Apakah layak seseorang menyebut dirinya pengikut Kristus, sementara ia menutup mata terhadap tangisan dan penderitaan bangsanya sendiri? Jika keselamatan hanya berhenti pada liturgi di dalam tembok gereja, tanpa tindakan nyata di luar sana, maka iman itu tak lebih dari kemunafikan.
Neraka adalah tempat yang pantas bagi mereka yang berdiam diri di tengah penderitaan, karena kasih sejati seharusnya diwujudkan dalam solidaritas dan tindakan nyata.
Gereja dan Liturgi yang Membisu
Gereja seharusnya menjadi ruang penghiburan dan penguatan bagi umat yang menderita. Namun, terlalu sering kita mendapati liturgi-liturigi indah yang hanya berputar dalam rutinitas, tanpa keberanian menyentuh realitas luka Papua. Doa dan nyanyian menggema setiap minggu, tetapi di luar sana, manusia Papua terus berhadapan dengan penindasan, kemiskinan, dan kekerasan.
Inilah saatnya berhenti menipu diri dengan liturgi yang membius, seakan-akan semuanya baik-baik saja. Injil tidak pernah mengajarkan kemunafikan; Injil justru memanggil kita untuk hadir, terlibat, dan memberi uluran tangan bagi mereka yang sengsara.

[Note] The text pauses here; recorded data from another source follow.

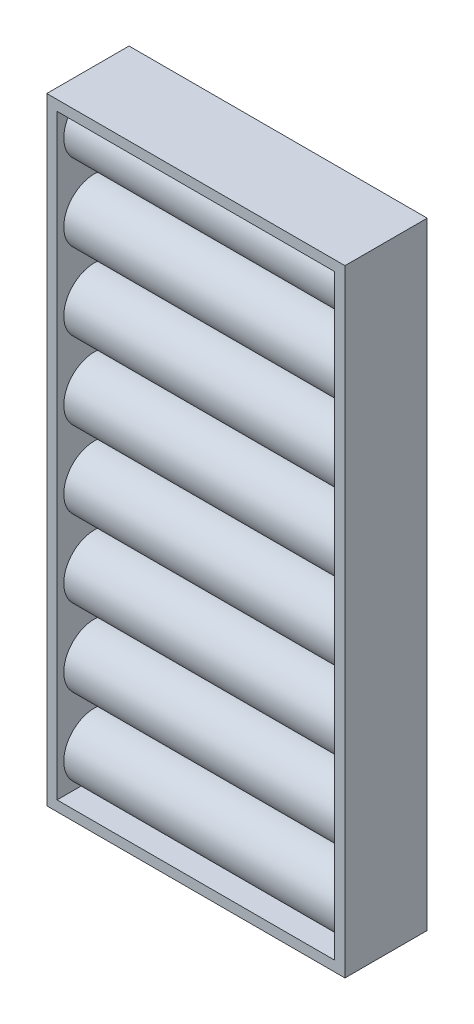
from build123d import *

# Parameters (mm, degrees)
IZIM1_W                       = 58
IZIM1_H                       = 120
Y_KSEKLIK_EKSTR_ZYON1_DEPTH   = 16
BO_ALTMA1_T                   = -2
IZIM2_R                       = 6
Y_KSEKLIK_EKSTR_ZYON2_DEPTH   = 54
Y_KSEKLIK_EKSTR_ZYON2_2_DEPTH = 54
Y_KSEKLIK_EKSTR_ZYON2_3_DEPTH = 54
Y_KSEKLIK_EKSTR_ZYON2_4_DEPTH = 54
Y_KSEKLIK_EKSTR_ZYON2_5_DEPTH = 54
Y_KSEKLIK_EKSTR_ZYON2_6_DEPTH = 54
Y_KSEKLIK_EKSTR_ZYON2_7_DEPTH = 54
Y_KSEKLIK_EKSTR_ZYON2_8_DEPTH = 54


with BuildPart() as part:
    # Çizim1 → Yükseklik-Ekstrüzyon1 (new body)
    with BuildSketch(Plane.XY):
        Rectangle(IZIM1_W, IZIM1_H)
    extrude(amount=Y_KSEKLIK_EKSTR_ZYON1_DEPTH)

    # İç Boşaltma1
    bo_altma1_openings = [part.faces().sort_by_distance(p)[0] for p in [
        (0, 0, 16),
    ]]
    offset(amount=BO_ALTMA1_T, openings=bo_altma1_openings, kind=Kind.INTERSECTION)


with BuildPart() as body_2:
    # Çizim2 → Yükseklik-Ekstrüzyon2 (new body)
    with BuildSketch(Plane(origin=(-27, 0, 0), x_dir=(0, 0, -1), z_dir=(1, 0, 0))):
        with Locations(Location((-8.693027198, -52.150296616, 0), (0, 0, 270))):
            Circle(IZIM2_R)
    extrude(amount=Y_KSEKLIK_EKSTR_ZYON2_DEPTH)


with BuildPart() as body_3:
    # Çizim2 → Y_kseklik-Ekstr_zyon2 2 (new body)
    with BuildSketch(Plane(origin=(-27, 0, 0), x_dir=(0, 0, -1), z_dir=(1, 0, 0))):
        with Locations(Location((-8.693027198, -37.150296616, 0), (0, 0, 270))):
            Circle(IZIM2_R)
    extrude(amount=Y_KSEKLIK_EKSTR_ZYON2_2_DEPTH)


with BuildPart() as body_4:
    # Çizim2 → Y_kseklik-Ekstr_zyon2 3 (new body)
    with BuildSketch(Plane(origin=(-27, 0, 0), x_dir=(0, 0, -1), z_dir=(1, 0, 0))):
        with Locations(Location((-8.693027198, -22.150296616, 0), (0, 0, 270))):
            Circle(IZIM2_R)
    extrude(amount=Y_KSEKLIK_EKSTR_ZYON2_3_DEPTH)


with BuildPart() as body_5:
    # Çizim2 → Y_kseklik-Ekstr_zyon2 4 (new body)
    with BuildSketch(Plane(origin=(-27, 0, 0), x_dir=(0, 0, -1), z_dir=(1, 0, 0))):
        with Locations(Location((-8.693027198, -7.150296616, 0), (0, 0, 270))):
            Circle(IZIM2_R)
    extrude(amount=Y_KSEKLIK_EKSTR_ZYON2_4_DEPTH)


with BuildPart() as body_6:
    # Çizim2 → Y_kseklik-Ekstr_zyon2 5 (new body)
    with BuildSketch(Plane(origin=(-27, 0, 0), x_dir=(0, 0, -1), z_dir=(1, 0, 0))):
        with Locations(Location((-8.693027198, 7.849703384, 0), (0, 0, 270))):
            Circle(IZIM2_R)
    extrude(amount=Y_KSEKLIK_EKSTR_ZYON2_5_DEPTH)


with BuildPart() as body_7:
    # Çizim2 → Y_kseklik-Ekstr_zyon2 6 (new body)
    with BuildSketch(Plane(origin=(-27, 0, 0), x_dir=(0, 0, -1), z_dir=(1, 0, 0))):
        with Locations(Location((-8.693027198, 22.849703384, 0), (0, 0, 270))):
            Circle(IZIM2_R)
    extrude(amount=Y_KSEKLIK_EKSTR_ZYON2_6_DEPTH)


with BuildPart() as body_8:
    # Çizim2 → Y_kseklik-Ekstr_zyon2 7 (new body)
    with BuildSketch(Plane(origin=(-27, 0, 0), x_dir=(0, 0, -1), z_dir=(1, 0, 0))):
        with Locations(Location((-8.693027198, 37.849703384, 0), (0, 0, 270))):
            Circle(IZIM2_R)
    extrude(amount=Y_KSEKLIK_EKSTR_ZYON2_7_DEPTH)


with BuildPart() as body_9:
    # Çizim2 → Y_kseklik-Ekstr_zyon2 8 (new body)
    with BuildSketch(Plane(origin=(-27, 0, 0), x_dir=(0, 0, -1), z_dir=(1, 0, 0))):
        with Locations(Location((-8.693027198, 52.849703384, 0), (0, 0, 270))):
            Circle(IZIM2_R)
    extrude(amount=Y_KSEKLIK_EKSTR_ZYON2_8_DEPTH)


solid = Compound([part.part, body_2.part, body_3.part, body_4.part, body_5.part, body_6.part, body_7.part, body_8.part, body_9.part])

Aktivis Papua dan Warisan Misi Kristus
Dalam realitas ini, perjuangan para aktivis Papua baik dari Komnas TPNPB, KNPB, maupun organisasi lainnya patut dibaca sebagai wujud nyata dari misi keselamatan itu. Mereka bukan sekadar pejuang politik, melainkan pewaris semangat Mesias berani berdiri di sisi yang lemah, berjuang mempertahankan kehidupan, serta melindungi surga yang Tuhan titipkan di tanah ini, yang disebut West Papua.
Perjuangan ini adalah sebuah panggilan iman, sebuah respons terhadap anugerah Tuhan yang lebih besar dari sekadar ritual. Mereka berjuang agar manusia Papua tetap memiliki tanah, identitas, dan martabat. Bukankah itulah inti dari misi keselamatan, menyelamatkan kehidupan, bukan hanya rohani, tetapi juga tubuh, tanah, dan budaya?
Menyambut Panggilan Sejati
Kita semua, terutama umat Kristen, ditantang untuk jujur apakah kita sungguh-sungguh mewarisi misi Kristus, atau hanya puas dengan kenyamanan ibadah yang steril dari realitas? Papua bukan hanya tanah yang indah, tetapi juga salib besar yang harus dipikul bersama.
Maka, berhentilah bersembunyi di balik doa-doa kosong. Lihatlah penderitaan Papua sebagai panggilan iman. Dan kepada para pejuang yang tidak kenal lelah, percayalah kalian tidak sendiri. Kalian diberkati, karena misi yang kalian hidupi adalah gema dari misi Sang Mesias misi untuk menyelamatkan manusia dan menjaga tanah suci warisan Tuhan, Tanah West Papua.